[Records supplied]

☆ ☆ ☆ ☆

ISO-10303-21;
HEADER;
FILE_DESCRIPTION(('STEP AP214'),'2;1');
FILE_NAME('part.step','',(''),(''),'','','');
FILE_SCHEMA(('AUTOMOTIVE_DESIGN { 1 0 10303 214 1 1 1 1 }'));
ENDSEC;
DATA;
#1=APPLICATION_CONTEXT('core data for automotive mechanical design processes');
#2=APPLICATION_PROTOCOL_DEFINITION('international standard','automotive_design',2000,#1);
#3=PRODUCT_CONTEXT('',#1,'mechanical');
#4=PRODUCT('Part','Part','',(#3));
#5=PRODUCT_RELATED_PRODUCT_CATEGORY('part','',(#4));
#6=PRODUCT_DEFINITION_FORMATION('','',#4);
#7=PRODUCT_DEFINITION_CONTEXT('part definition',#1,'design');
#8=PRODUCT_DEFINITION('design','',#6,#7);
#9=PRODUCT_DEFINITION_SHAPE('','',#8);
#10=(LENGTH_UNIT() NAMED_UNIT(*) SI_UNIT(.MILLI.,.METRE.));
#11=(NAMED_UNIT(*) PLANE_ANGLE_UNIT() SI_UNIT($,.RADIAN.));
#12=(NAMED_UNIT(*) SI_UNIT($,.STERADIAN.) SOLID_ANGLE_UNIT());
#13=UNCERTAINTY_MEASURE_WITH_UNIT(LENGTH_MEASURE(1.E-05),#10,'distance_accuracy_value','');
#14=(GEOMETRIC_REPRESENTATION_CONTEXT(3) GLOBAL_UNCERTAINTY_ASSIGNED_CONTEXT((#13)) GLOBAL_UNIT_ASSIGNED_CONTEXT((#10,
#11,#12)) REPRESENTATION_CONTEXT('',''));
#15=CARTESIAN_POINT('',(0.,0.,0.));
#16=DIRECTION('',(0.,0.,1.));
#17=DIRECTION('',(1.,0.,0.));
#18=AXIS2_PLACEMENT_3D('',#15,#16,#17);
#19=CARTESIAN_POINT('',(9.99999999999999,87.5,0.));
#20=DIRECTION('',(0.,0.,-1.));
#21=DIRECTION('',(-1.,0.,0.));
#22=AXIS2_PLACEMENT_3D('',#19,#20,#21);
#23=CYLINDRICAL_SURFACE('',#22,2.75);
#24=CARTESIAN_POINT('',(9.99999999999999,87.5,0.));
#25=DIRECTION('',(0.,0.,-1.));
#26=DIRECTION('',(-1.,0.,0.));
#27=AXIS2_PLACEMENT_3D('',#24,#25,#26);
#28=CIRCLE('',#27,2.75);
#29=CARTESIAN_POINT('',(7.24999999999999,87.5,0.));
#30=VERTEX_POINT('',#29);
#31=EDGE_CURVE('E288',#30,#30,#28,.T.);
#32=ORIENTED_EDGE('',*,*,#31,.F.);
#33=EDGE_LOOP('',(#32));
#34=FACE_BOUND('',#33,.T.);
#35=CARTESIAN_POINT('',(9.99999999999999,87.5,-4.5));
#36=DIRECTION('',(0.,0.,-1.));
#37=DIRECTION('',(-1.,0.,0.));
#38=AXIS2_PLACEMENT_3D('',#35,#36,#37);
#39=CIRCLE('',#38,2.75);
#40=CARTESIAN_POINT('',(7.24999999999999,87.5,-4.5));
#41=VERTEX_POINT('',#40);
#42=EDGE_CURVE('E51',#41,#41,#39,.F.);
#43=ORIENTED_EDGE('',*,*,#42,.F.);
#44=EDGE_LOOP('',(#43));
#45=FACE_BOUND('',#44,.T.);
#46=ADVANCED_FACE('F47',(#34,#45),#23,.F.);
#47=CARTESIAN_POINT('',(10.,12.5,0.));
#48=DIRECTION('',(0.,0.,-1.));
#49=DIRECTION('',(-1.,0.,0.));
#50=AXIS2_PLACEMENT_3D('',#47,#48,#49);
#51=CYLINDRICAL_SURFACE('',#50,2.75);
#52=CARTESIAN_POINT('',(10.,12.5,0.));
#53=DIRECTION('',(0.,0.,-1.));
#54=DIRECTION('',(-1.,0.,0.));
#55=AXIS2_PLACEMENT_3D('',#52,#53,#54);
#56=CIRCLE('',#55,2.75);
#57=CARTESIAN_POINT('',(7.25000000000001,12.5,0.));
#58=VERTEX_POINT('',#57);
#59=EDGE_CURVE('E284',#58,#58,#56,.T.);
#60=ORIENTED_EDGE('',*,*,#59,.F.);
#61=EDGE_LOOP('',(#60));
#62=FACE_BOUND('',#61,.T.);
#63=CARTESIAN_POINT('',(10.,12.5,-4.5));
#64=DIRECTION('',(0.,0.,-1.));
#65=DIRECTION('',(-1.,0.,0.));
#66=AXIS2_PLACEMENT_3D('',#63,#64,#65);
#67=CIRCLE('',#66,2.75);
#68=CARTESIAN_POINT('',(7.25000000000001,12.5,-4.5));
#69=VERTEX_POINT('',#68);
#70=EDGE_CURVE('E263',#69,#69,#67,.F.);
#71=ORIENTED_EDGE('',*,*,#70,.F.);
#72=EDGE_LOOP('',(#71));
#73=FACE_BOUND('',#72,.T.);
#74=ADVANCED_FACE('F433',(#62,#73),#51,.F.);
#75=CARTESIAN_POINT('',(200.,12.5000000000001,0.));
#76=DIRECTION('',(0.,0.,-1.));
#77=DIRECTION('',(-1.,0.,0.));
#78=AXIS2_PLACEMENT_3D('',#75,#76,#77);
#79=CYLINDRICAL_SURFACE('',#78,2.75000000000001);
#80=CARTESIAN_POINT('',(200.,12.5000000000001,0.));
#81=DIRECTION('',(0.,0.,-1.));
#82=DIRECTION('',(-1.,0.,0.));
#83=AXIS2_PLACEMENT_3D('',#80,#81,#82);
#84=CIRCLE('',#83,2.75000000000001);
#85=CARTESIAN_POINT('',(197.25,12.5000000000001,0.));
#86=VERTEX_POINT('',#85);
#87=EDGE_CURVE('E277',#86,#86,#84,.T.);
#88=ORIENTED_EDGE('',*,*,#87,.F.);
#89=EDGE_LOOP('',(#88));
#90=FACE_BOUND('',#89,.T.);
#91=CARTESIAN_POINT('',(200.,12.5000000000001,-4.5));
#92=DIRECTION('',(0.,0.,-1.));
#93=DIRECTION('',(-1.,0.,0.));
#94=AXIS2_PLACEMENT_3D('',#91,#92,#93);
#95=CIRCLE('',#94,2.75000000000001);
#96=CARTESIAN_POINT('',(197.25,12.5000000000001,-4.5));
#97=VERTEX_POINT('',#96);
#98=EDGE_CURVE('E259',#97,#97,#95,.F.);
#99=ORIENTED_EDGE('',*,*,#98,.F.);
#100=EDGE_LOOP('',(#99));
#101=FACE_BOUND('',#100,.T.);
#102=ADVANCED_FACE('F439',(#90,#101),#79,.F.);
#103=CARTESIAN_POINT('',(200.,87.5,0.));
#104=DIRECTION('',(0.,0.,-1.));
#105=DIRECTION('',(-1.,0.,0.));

☆ ☆ ☆ ☆

[Exercise objective] Only the lines above starting with the one with "#4=PRODUCT('Part','Part','',(#3));" and going through the one with "#9=PRODUCT_DEFINITION_SHAPE('','',#8);" are to be copied, word for word and with both ends kept.

[Expected output]
#4=PRODUCT('Part','Part','',(#3));
#5=PRODUCT_RELATED_PRODUCT_CATEGORY('part','',(#4));
#6=PRODUCT_DEFINITION_FORMATION('','',#4);
#7=PRODUCT_DEFINITION_CONTEXT('part definition',#1,'design');
#8=PRODUCT_DEFINITION('design','',#6,#7);
#9=PRODUCT_DEFINITION_SHAPE('','',#8);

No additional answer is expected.